This paper presents a sensor fusion method based on indirect Kalman filter(IKF) for error compensation of low-cost inertial sensors and its application to the determination of attitude and position of small flying robots. First, the analysis of the measurement error characteristics to zero input is performed, focusing on the bias due to the temperature variation, to derive a simple nonlinear bias model of low-cost inertial sensors. Moreover, from the experimental results that the coefficients of this bias model possess non-deterministic (stochastic) uncertainties, the bias of low-cost inertial sensors is characterized as consisting of both deterministic and stochastic bias terms.

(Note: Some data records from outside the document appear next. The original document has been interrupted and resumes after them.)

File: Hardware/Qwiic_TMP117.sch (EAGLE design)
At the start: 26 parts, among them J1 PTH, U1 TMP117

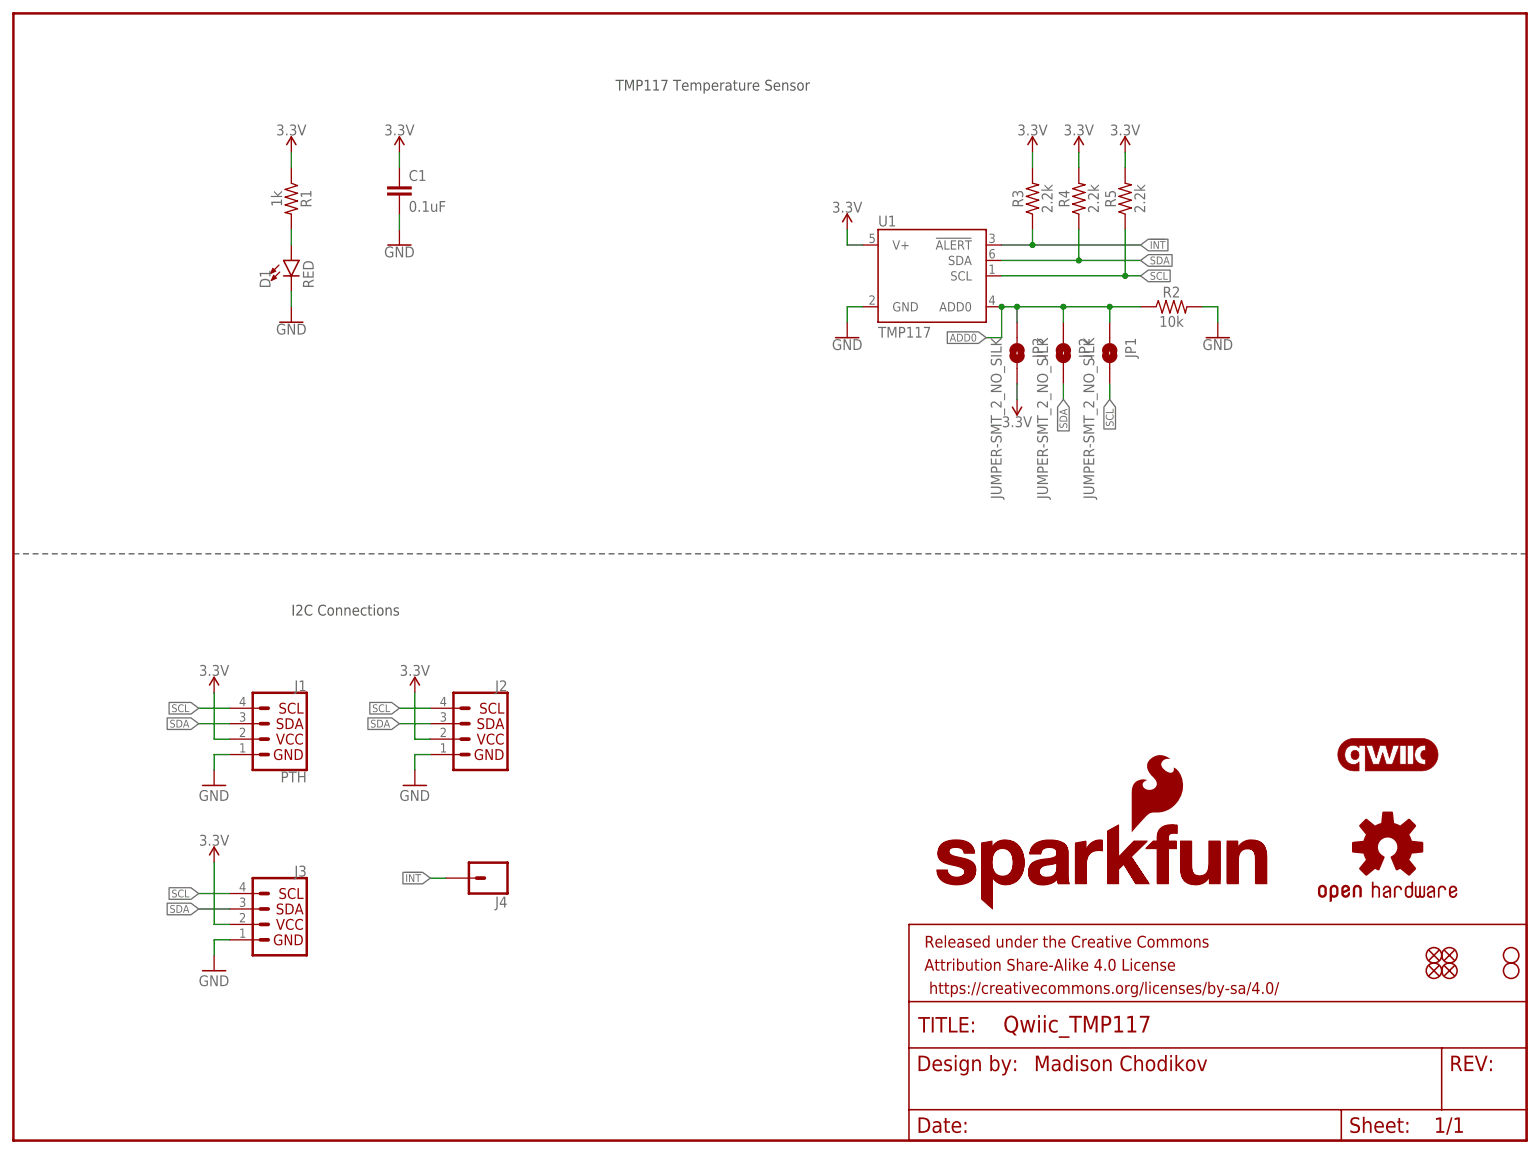
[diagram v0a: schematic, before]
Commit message: Updated Schematic and Boar
Fixed the board with the polygon and added a table to the schematic describing the pin addresses for ADD0
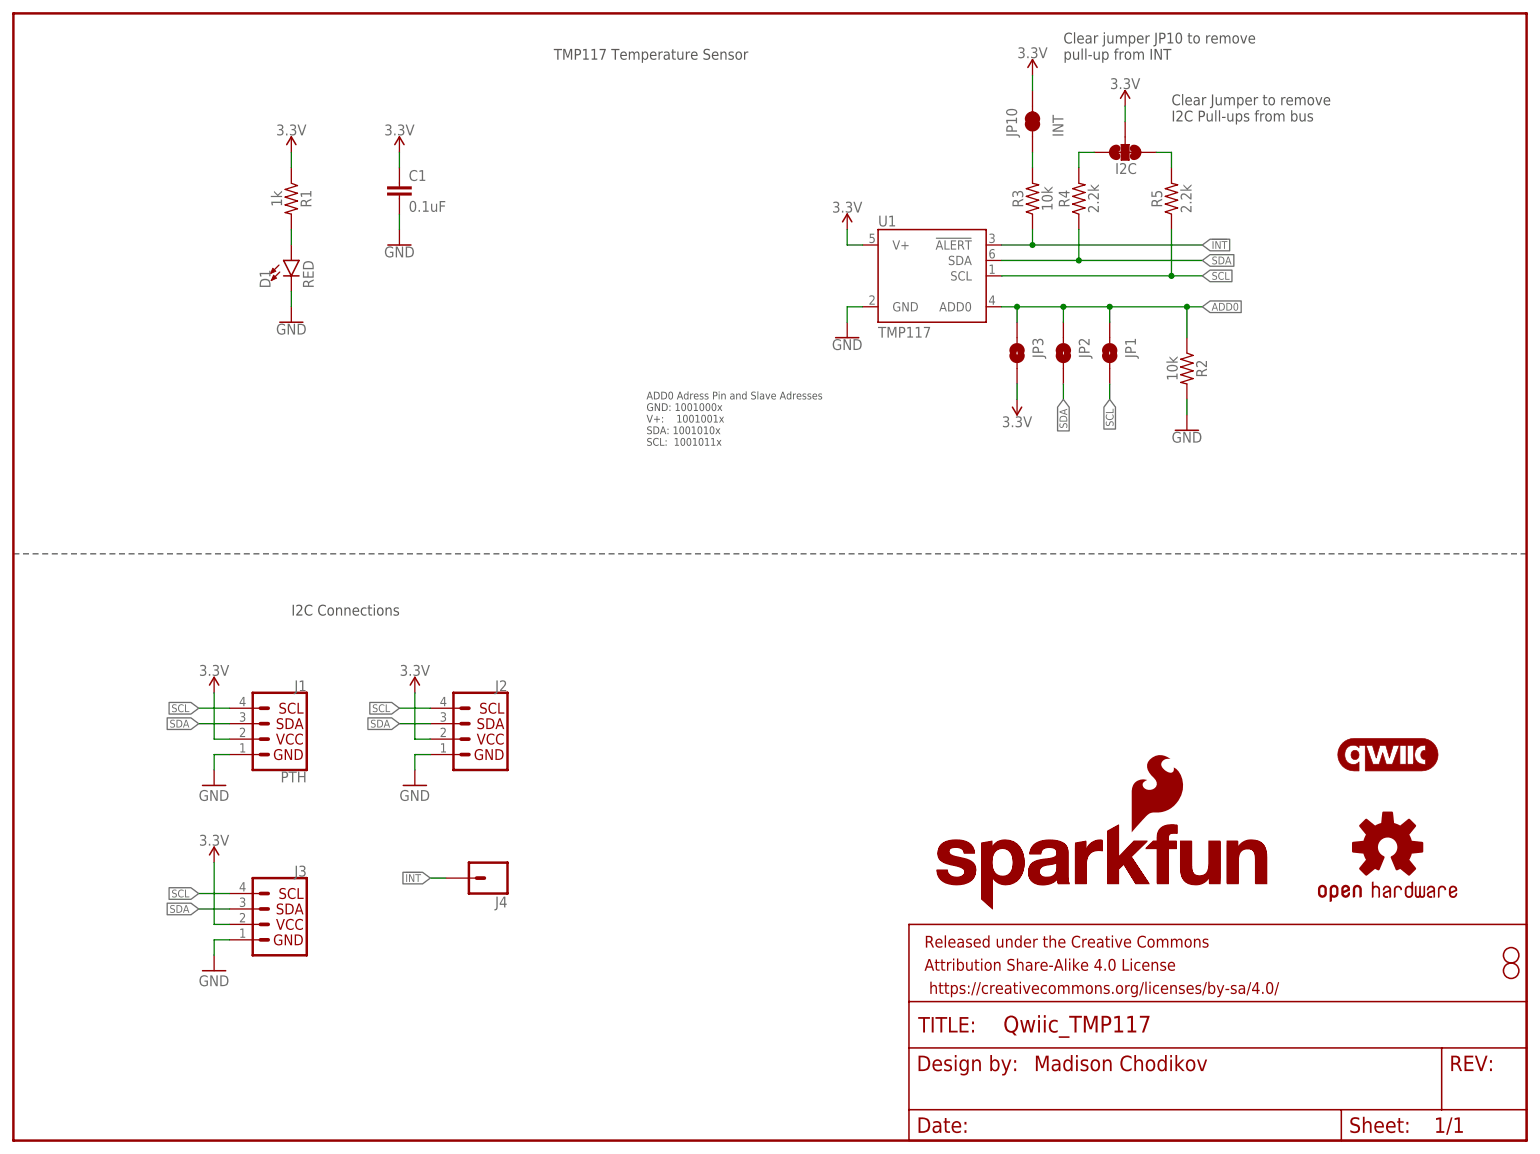
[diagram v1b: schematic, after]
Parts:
- removed JP4, JP5, JP6, JP7: FIDUCIALUFIDUCIAL, SparkFun:FIDUCIALUFIDUCIAL
- added I2C: JUMPER-SMT_3_2-NC_TRACE_SILK, SparkFun-Jumpers:JUMPER-SMT_3_2-NC_TRACE_SILK
- added JP10: INT, SparkFun-Passives:JUMPER-PAD-2-NC_BY_TRACE
- R3: value 2.2k -> 10k; device SparkFun-Resistors:2.2KOHM-0603-1/10W-1% -> SparkFun-Resistors:10KOHM-0603-1/10W-1%
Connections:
- new net N$2: I2C.1, R5.2
- new net N$3: I2C.3, R4.2
- new net N$4: JP10.1, R3.2
- net 3.3V: now also I2C.2, JP10.2; no longer R3.2, R4.2, R5.2
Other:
- note added: "ADD0 Adress Pin and Slave Adresses GND: 1001000x V+: 1001001x SDA: 1001010x SCL: 1001011x"
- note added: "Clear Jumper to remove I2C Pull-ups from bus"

Then, IKF is derived to improve long term stability dominated by the stochastic bias error, fusing low-cost inertial sensor measurements compensated by the deterministic bias model with non-inertial sensor measurement. In addition, in case of using intermittent non-inertial sensor measurements due to the unreliable data link, the upper and lower bounds of the state estimation error covariance matrix of discrete-time IKF are analyzed by solving stochastic algebraic Riccati equation and it is shown that they are dependant on the throughput of the data link and sampling period. To evaluate the performance of proposed method, experimental results of IKF for the attitude determination of a small flying robot are presented in comparison with that of extended Kaman filter which compensates only deterministic bias error model.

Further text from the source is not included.